CHAPTER VI
A FURTHER ACCOUNT OF THE ACADEMY—THE AUTHOR PROPOSES SOME IMPROVEMENTS, WHICH ARE HONORABLY RECEIVED.
In the school of political projectors I was but ill entertained, the professors appearing to me wholly out of their senses, which is a scene that never fails to make me melancholy. These unhappy people were proposing schemes for persuading monarchs to choose favorites upon the score of their wisdom, capacity, and virtue; of teaching ministers to consult the public good; of rewarding merit, great abilities, and eminent services; of instructing princes to know their true interest by placing it on the same foundation with that of their people; of choosing for employments persons qualified to exercise them; with many other wild, impossible chimeras, that never entered before into the heart of man to conceive, and confirmed in me the old observation, that “there is nothing so extravagant and irrational, which some philosophers have not maintained for truth.”

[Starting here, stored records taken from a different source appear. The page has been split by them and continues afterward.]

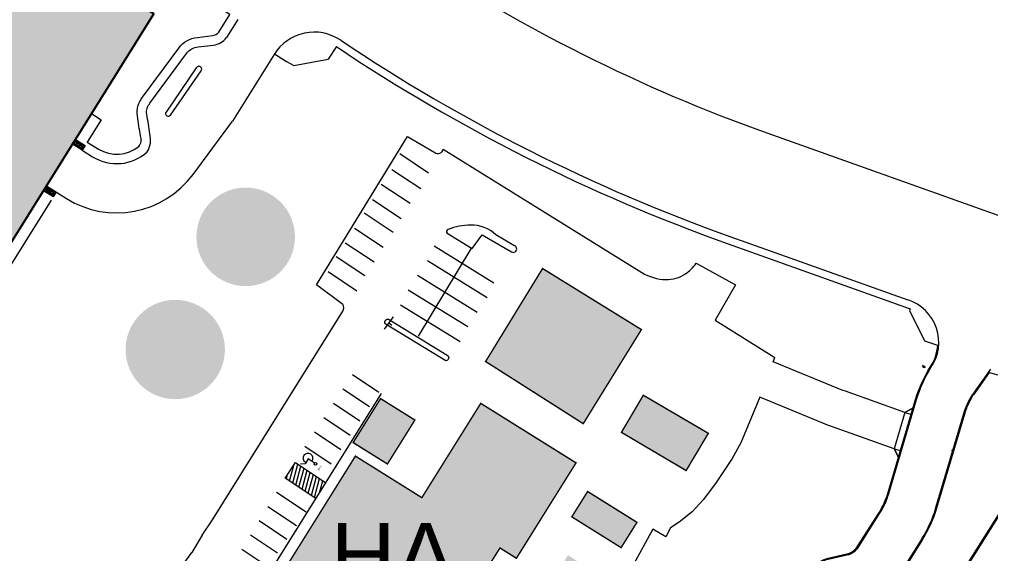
# Model space of a CAD drawing. Header units: feet. Extents: x 6763715 to 6770513, y 1886699 to 1891873.
# Drawn here: x 6765794 to 6766306, y 1890657 to 1890939 of the extents above; entities that cross this region are included whole.
import ezdxf

# ---------------------------------------------------------------- set-up
doc = ezdxf.new("R2010")
doc.units = ezdxf.units.FT
doc.header["$LTSCALE"] = 48
doc.header["$MEASUREMENT"] = 0
doc.linetypes.add('PHANTOM2', pattern=[1.25, 0.625, -0.125, 0.125, -0.125, 0.125, -0.125])
doc.layers.get('0').update_dxf_attribs({"lineweight": 0})
for name, color, linetype in [('C-BLDG', 7, 'Continuous'), ('L-Curb-Back-Prop', 5, 'Continuous'), ('L-Curb-Prop', 5, 'Continuous'), ('L-Lite-Prop', 2, 'Continuous'), ('L-Sign-Reg', 2, 'Continuous')]:
    doc.layers.add(name, color=color, linetype=linetype)
for name, color, linetype, lineweight in [('C-BLDG-HTCH', 253, 'Continuous', 0), ('C-BLDG-IDEN', 7, 'Continuous', 50), ('C-PKNG-STRP', 3, 'Continuous', 0), ('C-PROP', 7, 'PHANTOM2', 0), ('C-ROAD', 5, 'Continuous', 0), ('Crosswalk_Stripping', 3, 'Continuous', 0), ('Handicap signs', 5, 'Continuous', 0), ('L-SITE-WALK', 6, 'Continuous', 0)]:
    doc.layers.add(name, color=color, linetype=linetype, lineweight=lineweight)
doc.layers.get('L-Lite-Prop').off()
doc.styles.add('Campus_Base_Map_NEW$0$Site Plan$0$ARIAL3', font='arial.ttf', dxfattribs={"height": 100})
doc.styles.add('Campus_Base_Map_NEW$0$STANDARD', font='arial.ttf', dxfattribs={"height": 3.8})

# ---------------------------------------------------------------- blocks, each defined once
blk = doc.blocks.new('Campus_Base_Map_NEW$0$HANDI')
at = {"layer": 'Handicap signs', "lineweight": 0}
for p, q in [((0, 0.07912658333467937), (0, 0)), ((0, 0), (0.0625, 0)), ((0.0625, 0), (0.09407491666691688, -0.03864783333240968))]:
    blk.add_line(p, q, dxfattribs=at)
blk.add_circle((0, 0.09412658333409732), 0.015, dxfattribs=at)
blk.add_arc((-0.006249999996119489, -0.006249999999757468), 0.05412658333333333, 90, 0, dxfattribs=at)
blk = doc.blocks.new('Campus_Base_Map_NEW$0$S1')
for points in [[(-0.08333333333333337, 0), (0.08333333333333333, 0)], [(0, 0), (0, -0.04166666666666666)]]:
    blk.add_lwpolyline(points)
blk = doc.blocks.new('Lite1')
blk.add_line((-1.341104507446289e-07, -36.00000005215406), (-9.685754776000977e-08, -12.0000000372529))
blk.add_lwpolyline([(33.99999982863665, -104.0000000968575), (33.99999983608723, -36.00000008195639), (-34.00000017136335, -36.00000008195639), (-34.00000017136335, -104.0000000745058)], close=True)
blk.add_circle((-7.450580596923828e-09, 2.235174179077148e-08), 12)
at = {"layer": 'Defpoints'}
blk.add_circle((-0.01750877499580383, -56.99999728053808), 3, dxfattribs=at)
blk = doc.blocks.new('RegSign')
blk.add_line((-12.00000002980232, -3), (11.99999995529652, -3))
blk.add_circle((-7.450580596923828e-09, 7.450580596923828e-09), 3)

msp = doc.modelspace()

# ---------------------------------------------------------------- hatches: boundary and pattern name
at = {"layer": 'C-BLDG-HTCH'}
for points in [[(6765864.472302266, 1890941.722889546), (6765590.97679227, 1891112.621851855), (6765458.496976286, 1890900.609828219), (6765731.992486278, 1890729.710865909)], [(6766069.503193609, 1890807.440182018), (6766121.635023393, 1890775.216567658), (6766090.956893818, 1890725.58504553), (6766039.449548097, 1890758.38271459)], [(6766111.104689896, 1890721.002468045), (6766145.237040333, 1890700.86211471), (6766156.947309733, 1890720.508829132), (6766122.652935204, 1890740.573562416)]]:
    msp.add_hatch(color=256, dxfattribs=at).paths.add_polyline_path(points)
h = msp.add_hatch(color=256, dxfattribs=at)
edge = h.paths.add_edge_path()
edge.add_arc((6765875.721887812, 1890764.704399419), 26.19912348822431, 0, 360)
edge = h.paths.add_edge_path()
edge.add_arc((6765912.864437526, 1890824.145796525), 25.99999991309883, 0, 360)
h = msp.add_hatch(color=256, dxfattribs=at)
h.paths.add_polyline_path([(6765923.280488579, 1890632.489966301), (6765999.88749993, 1890584.620592766), (6766047.006154512, 1890660.026202647), (6766055.698647493, 1890654.59453019), (6766087.14052384, 1890704.912050562), (6766036.894225651, 1890736.309422341), (6766005.805628832, 1890686.557267363), (6765970.752422669, 1890708.460941582)])
h.paths.add_polyline_path([(6766059.727983911, 1890640.284937322), (6766097.312909873, 1890616.789002614), (6766110.643361259, 1890638.735057497), (6766082.910806195, 1890656.155559261), (6766074.920997147, 1890643.369191958), (6766065.380456062, 1890649.330783682)])
h.paths.add_polyline_path([(6765969.555350887, 1890715.622460931), (6765987.647043603, 1890704.317516627), (6766002.131503494, 1890727.497497922), (6765984.039810778, 1890738.802442226)])
h.paths.add_polyline_path([(6766065.646440115, 1890630.885647992), (6766047.629185129, 1890602.052012723), (6766066.286243245, 1890590.393788911), (6766084.303498229, 1890619.227424179)], flags=17)
h.paths.add_polyline_path([(6766046.676058782, 1890600.526691718), (6766028.658803798, 1890571.69305645), (6766047.315861912, 1890560.034832636), (6766065.333116896, 1890588.868467906)])
h.paths.add_polyline_path([(6766110.928905592, 1890660.17641765), (6766084.921816031, 1890676.434554724), (6766093.276712627, 1890689.799342036), (6766119.28380219, 1890673.541204962)])
at = {"layer": 'Crosswalk_Stripping'}
h = msp.add_hatch(dxfattribs=at)
h.set_pattern_fill('ANSI31', color=256, scale=15, angle=30, style=0)
h.set_pattern_definition([(74.99999999999999, (-8.731149137020111e-11, 0), (-1.811110924292002, 0.4852857095672263), [])])
h.paths.add_polyline_path([(6765939.225685135, 1890705.020744153), (6765933.774800846, 1890696.907348499), (6765949.950902326, 1890686.158842708), (6765955.125477368, 1890694.436275468)])

# ---------------------------------------------------------------- linework, layer by layer
at = {"layer": 'C-BLDG', "const_width": 0.75, "elevation": 1.078313909518014e-09}
msp.add_lwpolyline([(6765864.472302266, 1890941.722889546), (6765590.97679227, 1891112.621851855), (6765458.496976286, 1890900.609828219), (6765731.992486278, 1890729.710865909)], close=True, dxfattribs=at)
at = {"layer": 'C-BLDG', "elevation": 1.157667545448348e-09}
msp.add_lwpolyline([(6765864.472302265, 1890941.722889547), (6765590.97679227, 1891112.621851855), (6765458.496976285, 1890900.609828219), (6765731.992486277, 1890729.710865909)], close=True, dxfattribs=at)
at = {"layer": 'C-BLDG', "const_width": 0.75}
for points in [[(6766069.503193609, 1890807.440182018), (6766121.635023393, 1890775.216567658), (6766090.956893818, 1890725.58504553), (6766039.449548097, 1890758.38271459)], [(6765969.555350887, 1890715.622460931), (6765987.647043603, 1890704.317516627), (6766002.131503494, 1890727.497497922), (6765984.039810778, 1890738.802442226)], [(6765923.280488579, 1890632.489966301), (6765999.88749993, 1890584.620592766), (6766047.006154512, 1890660.026202647), (6766055.698647493, 1890654.59453019), (6766087.14052384, 1890704.912050562), (6766036.894225651, 1890736.309422341), (6766005.805628832, 1890686.557267363), (6765970.752422669, 1890708.460941582)], [(6766110.928905592, 1890660.17641765), (6766084.921816031, 1890676.434554724), (6766093.276712627, 1890689.799342036), (6766119.28380219, 1890673.541204962)]]:
    msp.add_lwpolyline(points, close=True, dxfattribs=at)
msp.add_lwpolyline([(6766111.104689896, 1890721.002468045), (6766145.237040333, 1890700.86211471), (6766156.947309733, 1890720.508829132), (6766122.652935204, 1890740.573562416), (6766111.104689896, 1890721.002468045)], dxfattribs=at)
at = {"layer": 'C-PKNG-STRP'}
for p, q in [((6765826.637130445, 1890869.851478309, 1.078313909518014e-09), (6765821.548841886, 1890873.030993887, 1.078313909518014e-09)), ((6765823.138599677, 1890875.575138171, 1.078313909518014e-09), (6765828.226888234, 1890872.395622594, 1.078313909518014e-09)), ((6765828.226888234, 1890872.395622594, 1.078313909518014e-09), (6765826.637130445, 1890869.851478309, 1.078313909518014e-09)), ((6765811.269471789, 1890845.258083569, 1.078313909518014e-09), (6765806.181183232, 1890848.437599146, 1.078313909518014e-09)), ((6765812.859229583, 1890847.802227851, 1.078313909518014e-09), (6765811.269471789, 1890845.258083569, 1.078313909518014e-09))]:
    msp.add_line(p, q, dxfattribs=at)
for points in [[(6765994.159282323, 1890868.05968364), (6766009.387143214, 1890857.980961806)], [(6765989.964738505, 1890859.659109621), (6766005.192599393, 1890849.580387789)], [(6765984.395818543, 1890851.933020419), (6765999.623679429, 1890841.854298585)], [(6765979.691339058, 1890843.823261427), (6765994.919199949, 1890833.744539593)], [(6765975.466725238, 1890836.781471701), (6765990.694586128, 1890826.702749867)], [(6765970.206439563, 1890828.760112656), (6765985.434300453, 1890818.681390821)], [(6765965.342074415, 1890821.049615305), (6765980.569935307, 1890810.970893472)], [(6766004.045469196, 1890771.70718389), (6766031.7755662, 1890817.786894548)], [(6766012.305435196, 1890819.370018653), (6766043.801654071, 1890799.927036219)], [(6765960.568336623, 1890813.794273461), (6765975.796197513, 1890803.715551627)], [(6766008.852407092, 1890811.590054319), (6766040.348625966, 1890792.147071888)], [(6765956.364883177, 1890805.796302194), (6765971.592744067, 1890795.717580362)], [(6766003.484788507, 1890803.868419932), (6766034.981007382, 1890784.425437499)], [(6765998.618195956, 1890796.25857327), (6766030.114414824, 1890776.815590839)], [(6765994.564604834, 1890788.314268461), (6766026.060823706, 1890768.871286028)], [(6765969.233878196, 1890751.488395608), (6765983.1333235, 1890742.23555498)], [(6765964.207656043, 1890743.938098064), (6765978.107101349, 1890734.685257434)], [(6765959.181433892, 1890736.387800519), (6765973.080879197, 1890727.134959889)], [(6765954.155211741, 1890728.837502973), (6765968.054657044, 1890719.584662344)], [(6765949.128989587, 1890721.287205428), (6765963.028434896, 1890712.034364798)], [(6765944.102767438, 1890713.736907884), (6765958.002212744, 1890704.484067255)], [(6765949.950902328, 1890686.158842709), (6765933.774800843, 1890696.907348498), (6765939.225685135, 1890705.020744153), (6765955.125477363, 1890694.43627547)], [(6765929.175354362, 1890689.412489072), (6765944.718481284, 1890679.065451966)], [(6765924.575907876, 1890681.917629647), (6765939.692003069, 1890671.854866947)], [(6765919.97646139, 1890674.422770222), (6765934.665524853, 1890664.644281928)], [(6765915.377014907, 1890666.927910798), (6765929.63904664, 1890657.433696908)], [(6765910.777568426, 1890659.433051371), (6765924.612568424, 1890650.223111889)]]:
    msp.add_lwpolyline(points, dxfattribs=at)
at = {"layer": 'C-PKNG-STRP', "extrusion": (0, 0, -1)}
for centre, major_axis, ratio, start_param, end_param in [((6765821.917853148, 1890873.095204659, 1.078313909518014e-09), (-0.03500178570422145, 0.03500178570422145), 0.9999999859520626, 0.5585053682837853, 6.841690675463371), ((6765822.138652841, 1890873.448558032, 1.078313909518014e-09), (-0.03500178597677491, 0.03500178597677489), 0.9999999876526626, 0.5585053675195407, 6.841690674699127), ((6765822.271206518, 1890872.874404967, 1.078313909518014e-09), (0.03500178607568039, 0.03500178607568039), 0.9999999647269208, -1.01229098067583, 5.270894326503757), ((6765822.359452534, 1890873.801911406, 1.078313909518014e-09), (-0.0350017858486034, 0.0350017858486034), 0.9999999907440102, 0.5585053844626789, 6.841690691642265), ((6765822.492006213, 1890873.22775834, 1.078313909518014e-09), (-0.03500178597677491, 0.03500178597677489), 0.9999999876526626, 0.5585053675195407, 6.841690674699127), ((6765822.580252226, 1890874.155264779, 1.078313909518014e-09), (0.03500178597060854, 0.03500178597060855), 0.9999999696726266, -1.012290978453244, 5.270894328726342), ((6765822.624559889, 1890872.653605276, 1.078313909518014e-09), (-0.03500178590873816, 0.03500178590873816), 0.9999999925983686, 0.5585053652969553, 6.841690672476542), ((6765822.712805906, 1890873.581111713, 1.078313909518014e-09), (0.03500178597060854, 0.03500178597060855), 0.9999999696726266, -1.012290978453244, 5.270894328726342), ((6765822.80105192, 1890874.508618151, 1.078313909518014e-09), (-0.03500178583798199, 0.03500178583798198), 0.9999999910001878, 0.5585053649570819, 6.841690672136668), ((6765822.845359583, 1890873.006958648, 1.078313909518014e-09), (-0.03500178577225816, 0.03500178577225816), 0.9999999810063562, 0.5585053705063708, 6.841690677685957), ((6765822.9336056, 1890873.934465085, 1.078313909518014e-09), (-0.03500178597677491, 0.03500178597677489), 0.9999999876526626, 0.5585053675195407, 6.841690674699127), ((6765822.977913262, 1890872.432805581, 1.078313909518014e-09), (-0.03500178590873816, 0.03500178590873816), 0.9999999925983686, 0.5585053652969553, 6.841690672476542), ((6765823.021851614, 1890874.861971524, 1.078313909518014e-09), (0.03500178607568039, 0.03500178607568039), 0.9999999647269208, -1.01229098067583, 5.270894326503757), ((6765823.066159279, 1890873.360312021, 1.078313909518014e-09), (0.03500178597060854, 0.03500178597060855), 0.9999999696726266, -1.012290978453244, 5.270894328726342), ((6765823.15440529, 1890874.287818459, 1.078313909518014e-09), (-0.03500178563346525, 0.03500178563346525), 0.9999999843538815, 0.5585053679439121, 6.841690675123498), ((6765823.198712954, 1890872.786158955, 1.078313909518014e-09), (0.03500178597060854, 0.03500178597060855), 0.9999999696726266, -1.012290978453244, 5.270894328726342), ((6765823.242651306, 1890875.215324897, 1.078313909518014e-09), (-0.03500178597677491, 0.03500178597677489), 0.9999999876526626, 0.5585053675195407, 6.841690674699127), ((6765823.28695897, 1890873.713665393, 1.078313909518014e-09), (-0.03500178597677491, 0.03500178597677489), 0.9999999876526626, 0.5585053675195407, 6.841690674699127), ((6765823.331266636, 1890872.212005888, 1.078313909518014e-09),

But, however, I shall so far do justice to this part of the academy, as to acknowledge that all of them were not so visionary. There was a most ingenious doctor who seemed to be perfectly versed in the whole nature and system of government. This illustrious person had very usefully employed his studies in finding out effectual remedies for all diseases and corruptions to which the several kinds of public administration are subject, by the vices or infirmities of those who govern, as well as by the licentiousness of those who are to obey. For instance, whereas all writers and reasoners have agreed that there is a strict universal resemblance between the natural and the political body, can there be anything more evident, than that the health of both must be preserved, and the diseases cured by the same prescription? It is allowed, that senates and great councils are often troubled with redundant, ebullient, and other peccant humors; with many diseases of the head, and more of the heart; with strong convulsions, with grievous contractions of the nerves and sinews in both hands, but especially the right; with spleen, flatus, vertigoes, and deliriums; with scrofulous tumors, full of fetid purulent matter; with sour, frothy eructations; with canine appetites and crudeness of digestion, besides many others, needless to mention. This doctor therefore proposed that upon the meeting of a senate, certain physicians should attend at the three first days of their sitting, and at the close of each day’s debate feel the pulses of every senator; after which, having maturely considered and consulted upon the nature of the several maladies, and the methods of cure, they should on the fourth day return to the senate house, attended by their apothecaries, stored with proper, medicines, and before the members sat, administer to each of them lenitives, aperitives, abstersives, corrosives, restringents, palliatives, laxatives, cephalalgics, icterics, apophlegmatics, acoustics, as their several cases required, and according as these medicines should operate, repeat, alter, or omit them at the next meeting.
This project could not be of any great expense to the public, and would in my poor opinion be of much use for the dispatch of business, in those countries where senates have any share in the legislative power, beget unanimity, shorten debates, open a few mouths which are now closed, and close many more which are now open; curb the petulancy of the young, and correct the positiveness of the old; rouse the stupid, and damp the pert.
Again, because it is a general complaint that the favorites of princes are troubled with short and weak memories, the same doctor proposed that whoever attended a first minister, after having told his business with the utmost brevity and in the plainest words, should at his departure give the said minister a tweak by the nose, or a kick in the belly, or tread on his corns, or lug him thrice by both ears, or run a pin into his breech, or pinch his arm black and blue, to prevent forgetfulness; and at every levee day repeat the same operation, till the business were done or absolutely refused.
He likewise directed that every senator in the great council of a nation, after he had delivered his opinion and argued in the defense of it, should be obliged to give his vote directly contrary; because if that were done, the result would infallibly terminate in the good of the public.
When parties in a state are violent, he offered a wonderful contrivance to reconcile them. The method is this: You take a hundred leaders of each party; you dispose them into couples of such whose heads are nearest of a size; then let two nice operators saw off the occiput of each couple at the same time, in such a manner that the brain may be equally divided. Let the occiputs thus cut off be interchanged, applying each to the head of his opposite party man. It seems indeed to be a work that requires some exactness, but the professor assured us that if it were dexterously performed, the cure would be infallible. For he argued thus: that the two half brains being left to debate the matter between themselves within the space of one skull, would soon come to a good understanding, and produce that moderation, as well as regularity of thinking, so much to be wished for in the heads of those who imagine they come into the world only to watch and govern its motion; and as to the difference of brains, in quantity or quality, among those who are directors in faction, the doctor assured us, from his own knowledge, that it was a perfect trifle.